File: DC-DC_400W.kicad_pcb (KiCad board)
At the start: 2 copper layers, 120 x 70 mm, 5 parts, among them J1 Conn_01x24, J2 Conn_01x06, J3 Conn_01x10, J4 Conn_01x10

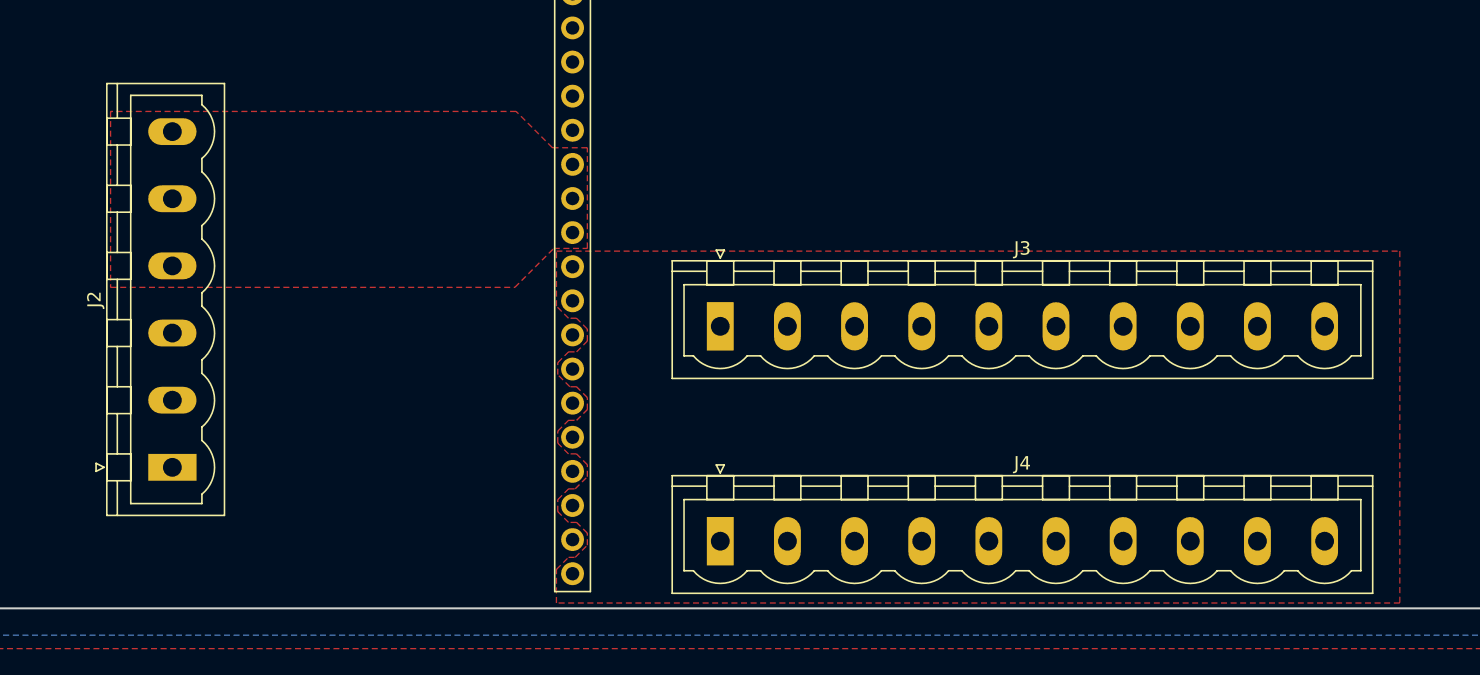
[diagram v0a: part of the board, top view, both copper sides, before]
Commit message: move to XT60 connector
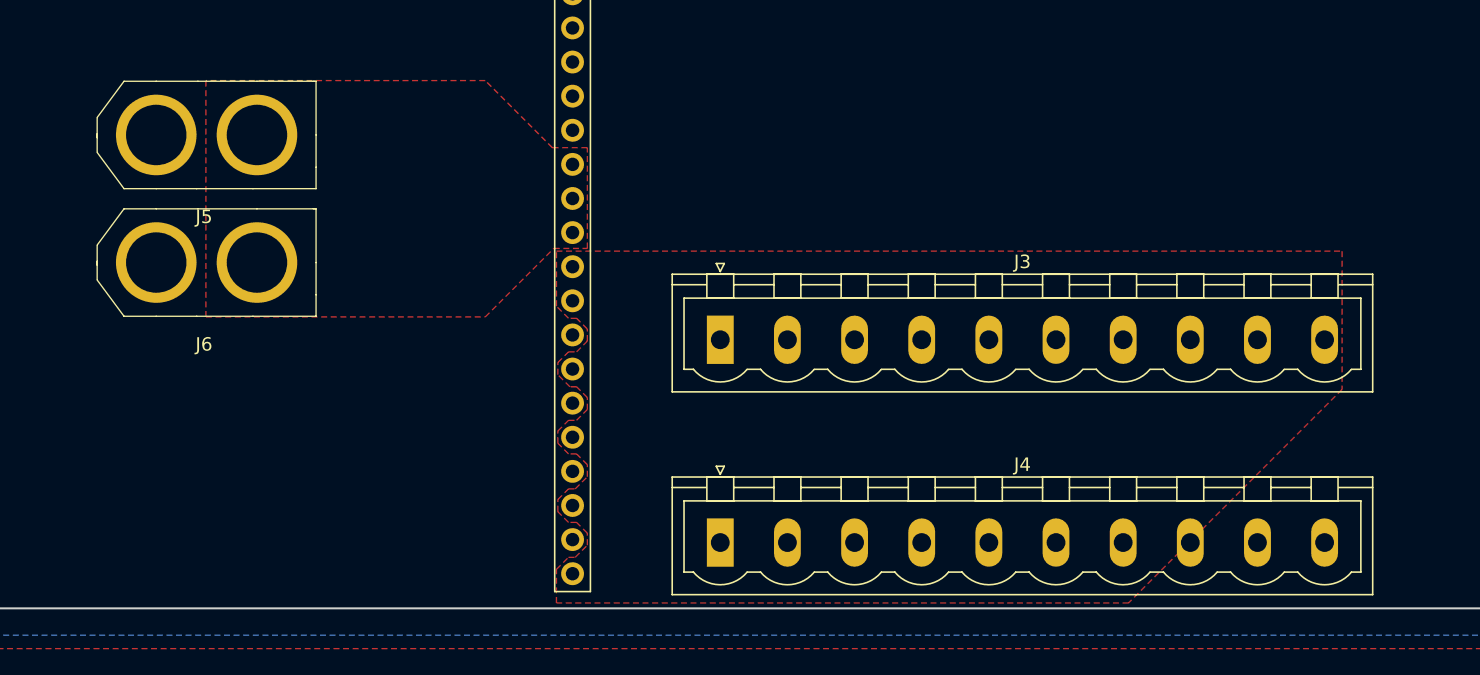
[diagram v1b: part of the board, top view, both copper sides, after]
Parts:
- removed J2: Conn_01x06, Connectors_Phoenix:PhoenixContact_MSTBVA-G_06x5.00mm_Vertical
- added J5: Conn_01x02, custom:XT60, F.Cu at (95.0, 94.8)
- added J6: Conn_01x02, custom:XT60, F.Cu at (95.0, 104.2)
- moved J3 1.00 mm to (137.0, 110.0)
- moved J4 0.10 mm to (137.0, 125.1)

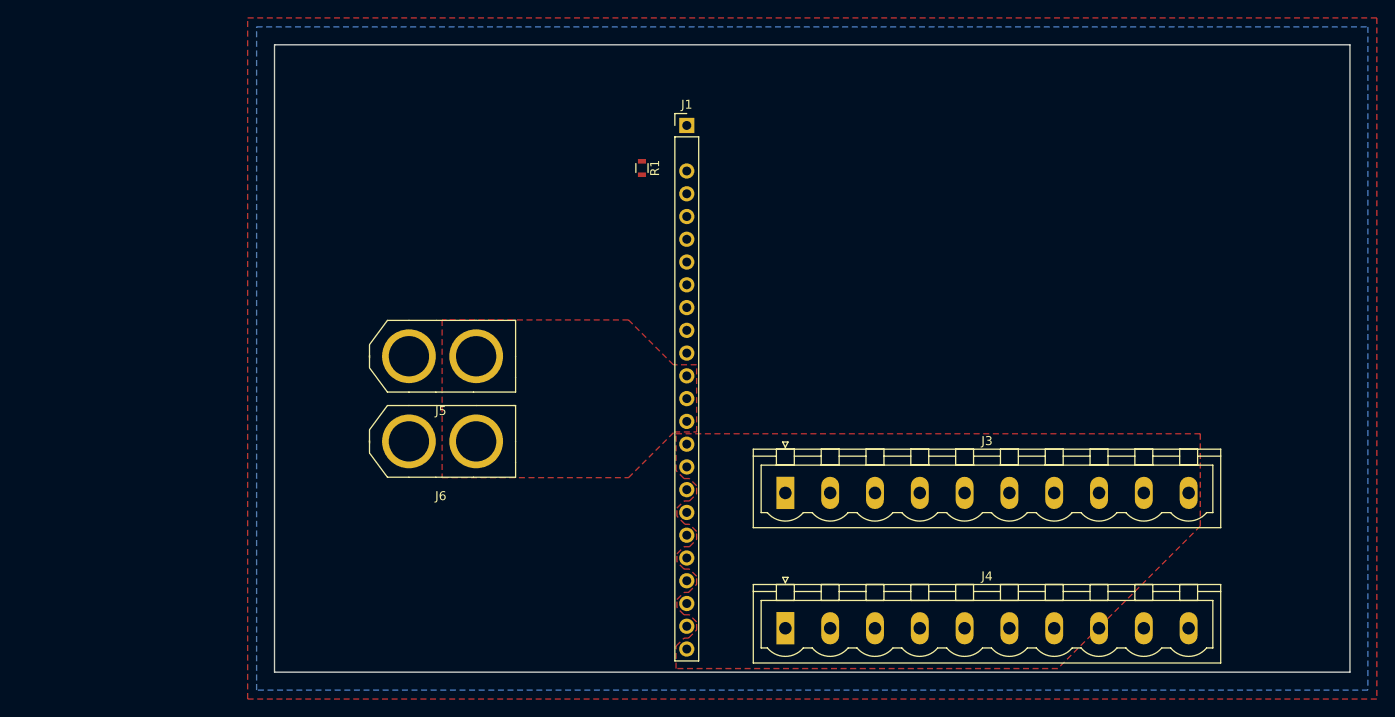
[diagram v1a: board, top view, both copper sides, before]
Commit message: only one XT60 at the input
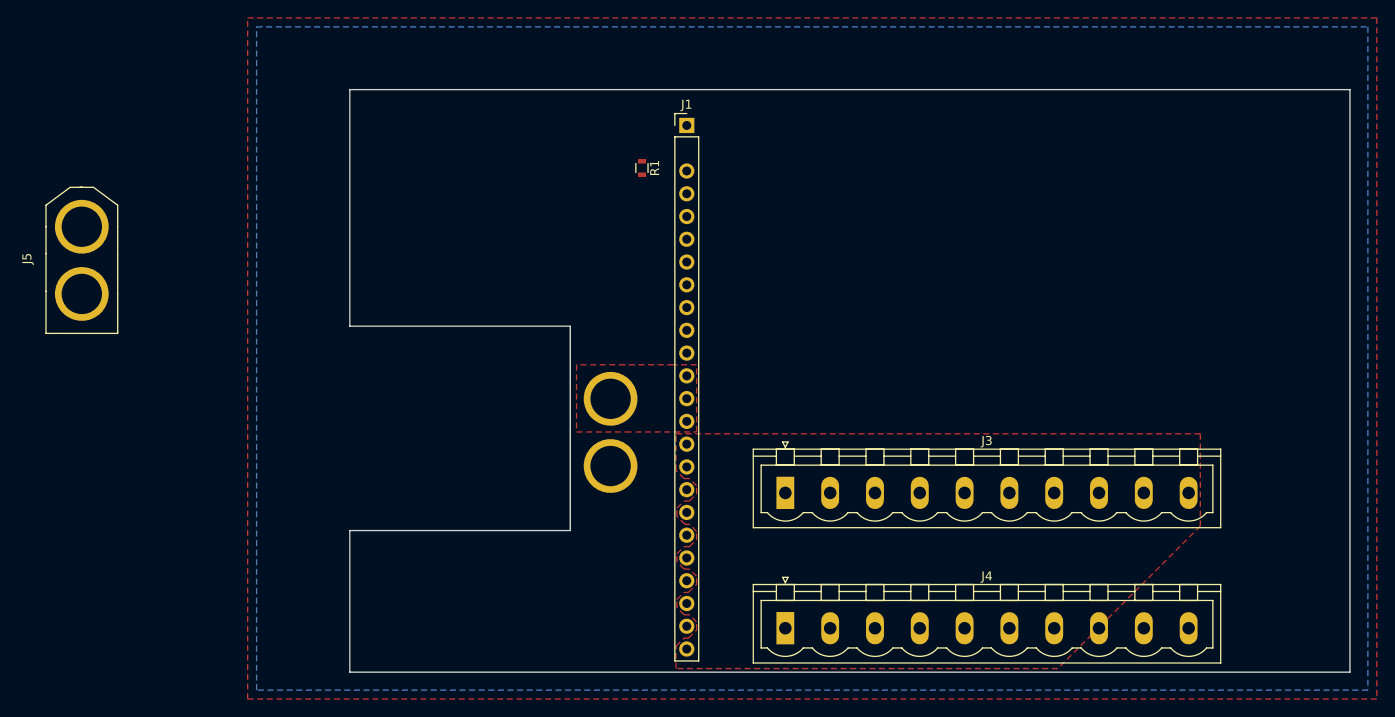
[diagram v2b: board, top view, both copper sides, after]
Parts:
- J6: moved to B.Cu
- moved J5 39.3 mm to (58.5, 80.3), turned to 270 degrees
- moved J6 22.7 mm to (117.5, 107.0), turned to 90 degrees
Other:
- board size 120 x 70 mm -> 111.6 x 65 mm
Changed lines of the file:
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@@
     (links 39)
     (no_connects 2)
-    (area 79.924999 59.924999 200.075001 130.075001)
+    (area 77 57 203.000001 133.000001)
     (thickness 1.6)
-    (drawings 7)
+    (drawings 11)
     (tracks 0)
     (zones 0)
@@
     (pad_to_mask_clearance 0.2)
     (aux_axis_origin 0 0)
-    (visible_elements FFFFFF7F)
+    (visible_elements FFFFFF3F)
     (pcbplotparams
       (layerselection 0x00030_80000001)
@@
   )
   (module custom:XT60 (layer F.Cu)
-    (at 95 94.75)
-    (fp_text reference J5 (at 3.556 6.096) (layer F.SilkS)
-      (effects (font (size 1 1) (thickness 0.15)))
-    )
-    (fp_text value Conn_01x02 (at 3.2 -5.9) (layer F.Fab)
+    (at 58.5 80.3 270)
+    (fp_text reference J5 (at 3.556 6.096 270) (layer F.SilkS)
+      (effects (font (size 1 1) (thickness 0.15)))
+    )
+    (fp_text value Conn_01x02 (at 3.2 -5.9 270) (layer F.Fab)
       (effects (font (size 1 1) (thickness 0.15)))
     )
@@
     (fp_line (start 7.5 -4) (end 3.1 -4) (layer F.SilkS) (width 0.1))
     (fp_line (start 7.2 4) (end 3 4) (layer F.SilkS) (width 0.1))
-    (pad 1 thru_hole circle (at 0 0) (size 6 6) (drill 4.5) (layers *.Cu *.Mask F.SilkS)
-      (net 2 GND))
-    (pad 2 thru_hole circle (at 7.5 0) (size 6 6) (drill 4.5) (layers *.Cu *.Mask F.SilkS)
+    (pad 1 thru_hole circle (at 0 0 270) (size 6 6) (drill 4.5) (layers *.Cu *.Mask F.SilkS)
+      (net 2 GND))
+    (pad 2 thru_hole circle (at 7.5 0 270) (size 6 6) (drill 4.5) (layers *.Cu *.Mask F.SilkS)
       (net 9 +12V))
   )
-  (module custom:XT60 (layer F.Cu)
-    (at 95 104.25)
-    (fp_text reference J6 (at 3.556 6.096) (layer F.SilkS)
-      (effects (font (size 1 1) (thickness 0.15)))
-    )
-    (fp_text value Conn_01x02 (at 3.2 -5.9) (layer F.Fab)
-      (effects (font (size 1 1) (thickness 0.15)))
-    )
-    (fp_line (start 7.2 4) (end 11.9 4) (layer F.SilkS) (width 0.1))
-    (fp_line (start 11.9 4) (end 11.9 2.4) (layer F.SilkS) (width 0.1))
-    (fp_line (start 7.5 -4) (end 11.7 -4) (layer F.SilkS) (width 0.1))
-    (fp_line (start 11.7 -4) (end 11.8 -4) (layer F.SilkS) (width 0.1))
-    (fp_line (start 11.8 -4) (end 11.9 -4) (layer F.SilkS) (width 0.1))
-    (fp_line (start 11.9 -4) (end 11.9 0) (layer F.SilkS) (width 0.1))
-    (fp_line (start -2.4 4) (end -4.4 1.3) (layer F.SilkS) (width 0.1))
-    (fp_line (start -2.4 -4) (end -4.4 -1.3) (layer F.SilkS) (width 0.1))
-    (fp_line (start -4.4 0) (end -4.4 1.25) (layer F.SilkS) (width 0.1))
-    (fp_line (start -4.4 0) (end -4.4 -1.25) (layer F.SilkS) (width 0.1))
-    (fp_line (start 0 4) (end -2.4 4) (layer F.SilkS) (width 0.1))
-    (fp_line (start 3 4) (end 0 4) (layer F.SilkS) (width 0.1))
-    (fp_line (start 0 -4) (end -2.4 -4) (layer F.SilkS) (width 0.1))
-    (fp_line (start 3.1 -4) (end 0 -4) (layer F.SilkS) (width 0.1))
-    (fp_line (start -4.4 -0.1) (end -4.4 0.2) (layer F.SilkS) (width 0.1))
-    (fp_line (start 11.9 0) (end 11.9 2.4) (layer F.SilkS) (width 0.1))
-    (fp_line (start 7.5 -4) (end 3.1 -4) (layer F.SilkS) (width 0.1))
-    (fp_line (start 7.2 4) (end 3 4) (layer F.SilkS) (width 0.1))
-    (pad 1 thru_hole circle (at 0 0) (size 6 6) (drill 4.5) (layers *.Cu *.Mask F.SilkS)
-      (net 2 GND))
-    (pad 2 thru_hole circle (at 7.5 0) (size 6 6) (drill 4.5) (layers *.Cu *.Mask F.SilkS)
+  (module custom:XT60 (layer B.Cu)
+    (at 117.5 107 90)
+    (fp_text reference J6 (at 3.556 -6.096 90) (layer B.SilkS)
+      (effects (font (size 1 1) (thickness 0.15)) (justify mirror))
+    )
+    (fp_text value Conn_01x02 (at 3.2 5.9 90) (layer B.Fab)
+      (effects (font (size 1 1) (thickness 0.15)) (justify mirror))
+    )
+    (fp_line (start 7.2 -4) (end 11.9 -4) (layer B.SilkS) (width 0.1))
+    (fp_line (start 11.9 -4) (end 11.9 -2.4) (layer B.SilkS) (width 0.1))
+    (fp_line (start 7.5 4) (end 11.7 4) (layer B.SilkS) (width 0.1))
+    (fp_line (start 11.7 4) (end 11.8 4) (layer B.SilkS) (width 0.1))
+    (fp_line (start 11.8 4) (end 11.9 4) (layer B.SilkS) (width 0.1))
+    (fp_line (start 11.9 4) (end 11.9 0) (layer B.SilkS) (width 0.1))
+    (fp_line (start -2.4 -4) (end -4.4 -1.3) (layer B.SilkS) (width 0.1))
+    (fp_line (start -2.4 4) (end -4.4 1.3) (layer B.SilkS) (width 0.1))
+    (fp_line (start -4.4 0) (end -4.4 -1.25) (layer B.SilkS) (width 0.1))
+    (fp_line (start -4.4 0) (end -4.4 1.25) (layer B.SilkS) (width 0.1))
+    (fp_line (start 0 -4) (end -2.4 -4) (layer B.SilkS) (width 0.1))
+    (fp_line (start 3 -4) (end 0 -4) (layer B.SilkS) (width 0.1))
+    (fp_line (start 0 4) (end -2.4 4) (layer B.SilkS) (width 0.1))
+    (fp_line (start 3.1 4) (end 0 4) (layer B.SilkS) (width 0.1))
+    (fp_line (start -4.4 0.1) (end -4.4 -0.2) (layer B.SilkS) (width 0.1))
+    (fp_line (start 11.9 0) (end 11.9 -2.4) (layer B.SilkS) (width 0.1))
+    (fp_line (start 7.5 4) (end 3.1 4) (layer B.SilkS) (width 0.1))
+    (fp_line (start 7.2 -4) (end 3 -4) (layer B.SilkS) (width 0.1))
+    (pad 1 thru_hole circle (at 0 0 90) (size 6 6) (drill 4.5) (layers *.Cu *.Mask B.SilkS)
+      (net 2 GND))
+    (pad 2 thru_hole circle (at 7.5 0 90) (size 6 6) (drill 4.5) (layers *.Cu *.Mask B.SilkS)
       (net 9 +12V))
   )
+  (gr_line (start 88.4 91.4) (end 88.4 65) (layer Edge.Cuts) (width 0.15))
+  (gr_line (start 113 91.4) (end 88.4 91.4) (layer Edge.Cuts) (width 0.15))
+  (gr_line (start 113 114.2) (end 88.4 114.2) (layer Edge.Cuts) (width 0.15))
+  (gr_line (start 88.4 114.2) (end 88.4 130) (layer Edge.Cuts) (width 0.15))
   (dimension 20 (width 0.3) (layer Eco1.User)
     (gr_text "20,000 mm" (at 104 96.450001) (layer Eco1.User)
@@
     (arrow2b (pts (xy 126 97.700001) (xy 124.873496 98.286422)))
   )
-  (gr_line (start 126 99.5) (end 85.3 99.5) (layer Eco2.User) (width 0.05))
-  (gr_line (start 80 60) (end 80 130) (layer Edge.Cuts) (width 0.15))
-  (gr_line (start 200 60) (end 80 60) (layer Edge.Cuts) (width 0.15))
-  (gr_line (start 200 130) (end 200 60) (layer Edge.Cuts) (width 0.15))
-  (gr_line (start 80 130) (end 200 130) (layer Edge.Cuts) (width 0.15))
+  (gr_line (start 126 99.5) (end 112.4 99.5) (layer Eco2.User) (width 0.05))
+  (gr_line (start 113 91.4) (end 113 114.2) (layer Edge.Cuts) (width 0.15))
+  (gr_line (start 200 65) (end 88.4 65) (layer Edge.Cuts) (width 0.15))
+  (gr_line (start 200 130) (end 200 65) (layer Edge.Cuts) (width 0.15))
+  (gr_line (start 88.4 130) (end 200 130) (layer Edge.Cuts) (width 0.15))
   (zone (net 9) (net_name +12V) (layer F.Cu) (hatch edge 0.508)
     (priority 2)
@@
     (polygon
       (pts
-        (xy 127.1 95.7) (xy 124.5 95.7) (xy 119.5 90.7) (xy 98.7 90.7) (xy 98.7 108.3)
-        (xy 119.5 108.3) (xy 124.6 103.2) (xy 127.1 103.2)
+        (xy 127.1 95.7) (xy 124.5 95.7) (xy 119.1 95.7) (xy 113.7 95.7) (xy 113.7 103.2)
+        (xy 119.2 103.2) (xy 124.6 103.2) (xy 127.1 103.2)
       )
     )

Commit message: remove unused XT60 connector, shrink pcb
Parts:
- removed J5: Conn_01x02, custom:XT60
- moved R1 1.35 mm to (122.2, 74.2)
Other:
- board size 111.6 x 65 mm -> 98.2 x 63 mm
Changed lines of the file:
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@@
 (kicad_pcb (version 4) (host pcbnew 4.0.7-e2-6376~58~ubuntu16.04.1)
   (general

^^^^^^^^^^^^^^^^

▶ EXERCISE AIM: Above are records; write out the lines from the one with "Commit message: move to XT60 connector" down to the one with "59.924999 200.075001 130.075001)", exactly, leaving the pictures out.

▶ EXERCISE SOLUTION:
Commit message: move to XT60 connector
[diagram v1b: part of the board, top view, both copper sides, after]
Parts:
- removed J2: Conn_01x06, Connectors_Phoenix:PhoenixContact_MSTBVA-G_06x5.00mm_Vertical
- added J5: Conn_01x02, custom:XT60, F.Cu at (95.0, 94.8)
- added J6: Conn_01x02, custom:XT60, F.Cu at (95.0, 104.2)
- moved J3 1.00 mm to (137.0, 110.0)
- moved J4 0.10 mm to (137.0, 125.1)

[diagram v1a: board, top view, both copper sides, before]
Commit message: only one XT60 at the input
[diagram v2b: board, top view, both copper sides, after]
Parts:
- J6: moved to B.Cu
- moved J5 39.3 mm to (58.5, 80.3), turned to 270 degrees
- moved J6 22.7 mm to (117.5, 107.0), turned to 90 degrees
Other:
- board size 120 x 70 mm -> 111.6 x 65 mm
Changed lines of the file:
@@
     (links 39)
     (no_connects 2)
-    (area 79.924999 59.924999 200.075001 130.075001)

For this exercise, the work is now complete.